Most important player: Salazar. The 24-year-old right-hander has the makings of a front-of-the-rotation starter and needs to emerge as one for the Indians to take the next step.
In 25 words or less: The Indians let a lot of veteran pitchers go, and now their playoff fate will rest on an assortment of young, albeit-talented arms.
Last year’s record: 86-76, 3rd place
Key additions: SP Jason Vargas, OF Norichika Aoki, 2B Omar Infante, INF Danny Valencia, SP Brad Penny, RP Jon Rauch, OF Carlos Peguero,
Key subtractions: SP Ervin Santana, 1B Carlos Pena, INF Miguel Tejada, INF/OF Emilio Bonifacio, RP Will Smith
Biggest strength: Relief pitching. Greg Holland was one of baseball’s best closers last year, with Luke Hochevar, Kelvin Herrera, Tim Collins and Aaron Crow helping to make up arguably the game’s best bullpen.

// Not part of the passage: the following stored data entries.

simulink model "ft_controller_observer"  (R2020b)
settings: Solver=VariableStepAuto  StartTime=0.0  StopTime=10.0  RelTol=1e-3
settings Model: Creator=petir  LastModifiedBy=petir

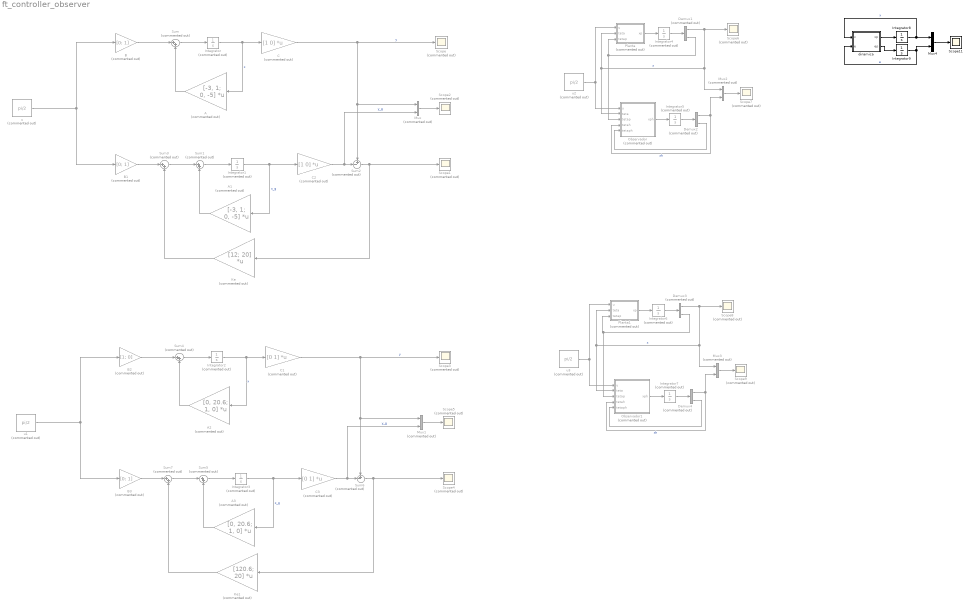
== system ft_controller_observer ==
  A : Gain  Commented=on  Gain=[-3, 1; 0, -5]  Multiplication=Matrix(K*u)
  A1 : Gain  Commented=on  Gain=[-3, 1; 0, -5]  Multiplication=Matrix(K*u)
  A2 : Gain  Commented=on  Gain=[0, 20.6; 1, 0]  Multiplication=Matrix(K*u)
  A3 : Gain  Commented=on  Gain=[0, 20.6; 1, 0]  Multiplication=Matrix(K*u)
  B : Gain  Commented=on  Gain=[0; 1]
  B1 : Gain  Commented=on  Gain=[0; 1]
  B2 : Gain  Commented=on  Gain=[1; 0]
  B3 : Gain  Commented=on  Gain=[0; 1]
  C : Gain  Commented=on  Gain=[1 0]  Multiplication=Matrix(K*u) (u vector)
  C1 : Gain  Commented=on  Gain=[0 1]  Multiplication=Matrix(K*u) (u vector)
  C2 : Gain  Commented=on  Gain=[1 0]  Multiplication=Matrix(K*u) (u vector)
  C3 : Gain  Commented=on  Gain=[0 1]  Multiplication=Matrix(K*u) (u vector)
  Demux{1..4} (4 alike) : Demux  Commented=on  Outputs=2
  Integrator : Integrator  Commented=on  InitialCondition=[1; 0]
  Integrator{1,3,5,7} (4 alike) : Integrator  Commented=on
  Integrator2 : Integrator  Commented=on  InitialCondition=[1; 0]
  Integrator4 : Integrator  Commented=on  InitialCondition=[0; 0]
  Integrator6 : Integrator  Commented=on  InitialCondition=[1; 0]
  Integrator8 : Integrator  InitialCondition=[1; 0]
  Integrator9 : Integrator  InitialCondition=[0.5; 0]
  Ke : Gain  Commented=on  Gain=[12; 20]  Multiplication=Matrix(K*u)
  Ke1 : Gain  Commented=on  Gain=[120.6; 20]  Multiplication=Matrix(K*u)
  Mux{,1..3} (4 alike) : Mux  Commented=on  Inputs=2
  Mux4 : Mux  Inputs=2
  Observador : MATLAB Function  Commented=on  TreatAsAtomicUnit=on
  Observador1 : MATLAB Function  Commented=on  TreatAsAtomicUnit=on
  Planta : MATLAB Function  Commented=on  TreatAsAtomicUnit=on
  Planta1 : MATLAB Function  Commented=on  TreatAsAtomicUnit=on
  Scope{,1..9} (10 alike) : Scope  Commented=on
  Scope11 : Scope
  Sum{,1,3..5,7} (6 alike) : Sum  Commented=on  Inputs=|++
  Sum2 : Sum  Commented=on  Inputs=+-|
  Sum6 : Sum  Commented=on  Inputs=+-|
  dinamica : MATLAB Function  TreatAsAtomicUnit=on
  u{,1..3} (4 alike) : Constant  Commented=on  Value=pi/2  VectorParams1D=off
  wires:
  u/1 -> B1/1, B/1
  B/1 -> Sum/1
  Sum/1 -> Integrator/1
  A/1 -> Sum/2
  Integrator/1 -> C/1, A/1  "x"
  C/1 -> Mux/1, Sum2/1, Scope/1  "y"
  Integrator1/1 -> C2/1, A1/1  "x_g"
  A1/1 -> Sum1/2
  Sum1/1 -> Integrator1/1
  C2/1 -> Mux/2, Sum2/2  "y_g"
  Sum2/1 -> Scope1/1, Ke/1
  Ke/1 -> Sum3/2
  Sum3/1 -> Sum1/1
  B1/1 -> Sum3/1
  Mux/1 -> Scope2/1
  Sum5/1 -> Integrator3/1
  A3/1 -> Sum5/2
  Sum6/1 -> Scope4/1, Ke1/1
  Sum7/1 -> Sum5/1
  Ke1/1 -> Sum7/2
  Integrator3/1 -> C3/1, A3/1  "x_g"
  C1/1 -> Mux1/1, Sum6/1, Scope3/1  "y"
  C3/1 -> Mux1/2, Sum6/2  "y_g"
  Integrator2/1 -> C1/1, A2/1  "x"
  A2/1 -> Sum4/2
  Sum4/1 -> Integrator2/1
  B3/1 -> Sum7/1
  B2/1 -> Sum4/1
  u1/1 -> B3/1, B2/1
  Mux1/1 -> Scope5/1
  Integrator4/1 -> Demux1/1
  Planta/1(xp) -> Integrator4/1
  Demux1/2 -> Observador/3(tetap), Planta/3(tetap)
  Demux1/1 -> Scope6/1, Mux2/1, Observador/2(teta), Planta/2(teta)  "x"
  u2/1 -> Observador/1(u), Planta/1(u)
  Observador/1(xph) -> Integrator5/1
  Integrator5/1 -> Demux2/1
  Demux2/2 -> Observador/5(tetaph)
  Demux2/1 -> Mux2/2, Observador/4(tetah)  "xh"
  Mux2/1 -> Scope7/1
  Observador1/1(xph) -> Integrator7/1
  Demux3/2 -> Observador1/3(tetap), Planta1/3(tetap)
  Integrator6/1 -> Demux3/1
  Demux3/1 -> Scope8/1, Mux3/1, Observador1/2(teta), Planta1/2(teta)  "x"
  Demux4/2 -> Observador1/5(tetaph)
  Demux4/1 -> Mux3/2, Observador1/4(tetah)  "xh"
  Planta1/1(xp) -> Integrator6/1
  Integrator7/1 -> Demux4/1
  Mux3/1 -> Scope9/1
  u3/1 -> Observador1/1(u), Planta1/1(u)
  dinamica/1(xp) -> Integrator8/1
  dinamica/2(ep) -> Integrator9/1
  Integrator8/1 -> Mux4/1, dinamica/1(x)  "x"
  Integrator9/1 -> dinamica/2(e), Mux4/2  "e"
  Mux4/1 -> Scope11/1

== matlab function ft_controller_observer/Observador ==
  data: u input; xph output; teta input; tetap input; tetah input; tetaph input
function xph = fcn(u, teta, tetap, tetah, tetaph)
A = [-3.1, 1; 0, -4.8];
B = [0; 1];
C = [1, 0];
K = [12; 20];

% Observador
xh = [tetah; tetaph];
x = [teta; tetap];

y = C * x;
yh = C *xh;
xph = A * xh + B * u + K *(y - yh);

== matlab function ft_controller_observer/Planta ==
  data: u input; xp output; teta input; tetap input
function xp = fcn(u, teta, tetap)

A = [-3, 1; 0, -5];
B = [0; 1];

% Planta
x = [teta; tetap];
xp = A*x + B*u;

== matlab function ft_controller_observer/Observador1 ==
  data: u input; xph output; teta input; tetap input; tetah input; tetaph input
function xph = fcn(u, teta, tetap, tetah, tetaph)
A = [0, 20.6; 1, 0];
B = [0; 1];
C = [0 1];
K = [120.6; 20];

% Observador
xh = [tetah; tetaph];
x = [teta; tetap];

y = C * x;
yh = C *xh;
xph = A * xh + B * u + K * (y - yh);

== matlab function ft_controller_observer/Planta1 ==
  data: u input; xp output; teta input; tetap input
function xp = fcn(u, teta, tetap)

A = [0, 20.6; 1, 0];
B = [0; 1];

% Planta
x = [teta; tetap];
xp = A*x + B*u;

== matlab function ft_controller_observer/dinamica ==
  data: x input; xp output; e input; ep output
function [xp, ep] = fcn(x, e)

A = [0, 1; 20.6, 0];
B = [0; 1];
C = [1, 0];

% Ganancias
K =[29.6 3.6];
Ke = [16; 84.6];

% Planta
xp = (A-B*K) * x + (B*K)* e;
ep = 0 * x + (A - Ke * C) * e;

% [xp, ep] = [A-B*K, B*K; 0, A - Ke * C];

Biggest question: Youth in the starting lineup. If the Royals are going to make the playoffs for the first time since winning it all in 1985, Eric Hosmer, Mike Moustakas, Alcides Escobar and Lorenzo Cain will have to finally come into their own.
Most important player: Danny Duffy. The 25-year-old lefty missed almost 14 months due to Tommy John surgery, then posted a 1.85 ERA in five starts down the stretch. He still has upside, and could provide a huge boost to the rotation if he takes a step forward.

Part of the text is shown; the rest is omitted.